I'm having trouble editting a csv file using Python. I am receiving a csv file from a supplier and have no flexibility on how the data is being provided. The issue I'm running into, is that one of the columns - the last column in the file - contains very long strings (sometimes upwards of 32000 characters) and when opening the file in excel, the rows with these very long strings in a column will automatically overflow onto the next line. To work around this, I've tried taking the approach of: if there is a very long string in the last column, break that string at a certain point and put a comma (delimiter) there so the very long string is now broken across two columns and will not overflow into a new row. I have achieved this and when opening in a text editor, can see the comma delimiter in the right place. But when opening in excel, I still run into the text overflowing and not getting populated in a second column.

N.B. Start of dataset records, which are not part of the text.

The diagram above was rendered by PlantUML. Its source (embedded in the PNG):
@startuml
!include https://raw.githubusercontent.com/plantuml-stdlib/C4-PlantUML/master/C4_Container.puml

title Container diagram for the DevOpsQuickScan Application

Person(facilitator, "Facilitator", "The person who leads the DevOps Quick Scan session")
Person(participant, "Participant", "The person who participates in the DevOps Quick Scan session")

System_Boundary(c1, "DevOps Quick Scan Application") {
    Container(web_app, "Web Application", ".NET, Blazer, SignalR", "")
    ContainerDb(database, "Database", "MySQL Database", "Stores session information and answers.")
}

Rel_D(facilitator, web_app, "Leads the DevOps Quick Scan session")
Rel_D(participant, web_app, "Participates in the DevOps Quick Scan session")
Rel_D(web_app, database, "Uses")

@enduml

To me, this is suggesting an issue with excel and how it is interpreting the csv file and maybe it is not recognising the comma I have inserted as a delimiter?
The code below is how I've tackled the problem so far:
from tempfile import NamedTemporaryFile
import shutil
import csv
filename = input("File Name in current folder: ")
tempfile = NamedTemporaryFile("w+t", newline='', delete=False)
with open(filename, "rt") as csvFile, tempfile:
reader = csv.reader(csvFile, delimiter=",", quotechar='"')
writer = csv.writer(tempfile, delimiter=",", quotechar='"')
for row in reader:
if len(row[21]) > 30000:
row[21] = row[21][:len(row[21])-20004] + "," + row[21][len(row[21])-20003:]
writer.writerow(row)
shutil.move(tempfile.name, filename)
Thanks and any suggestions would be greatly appreciated!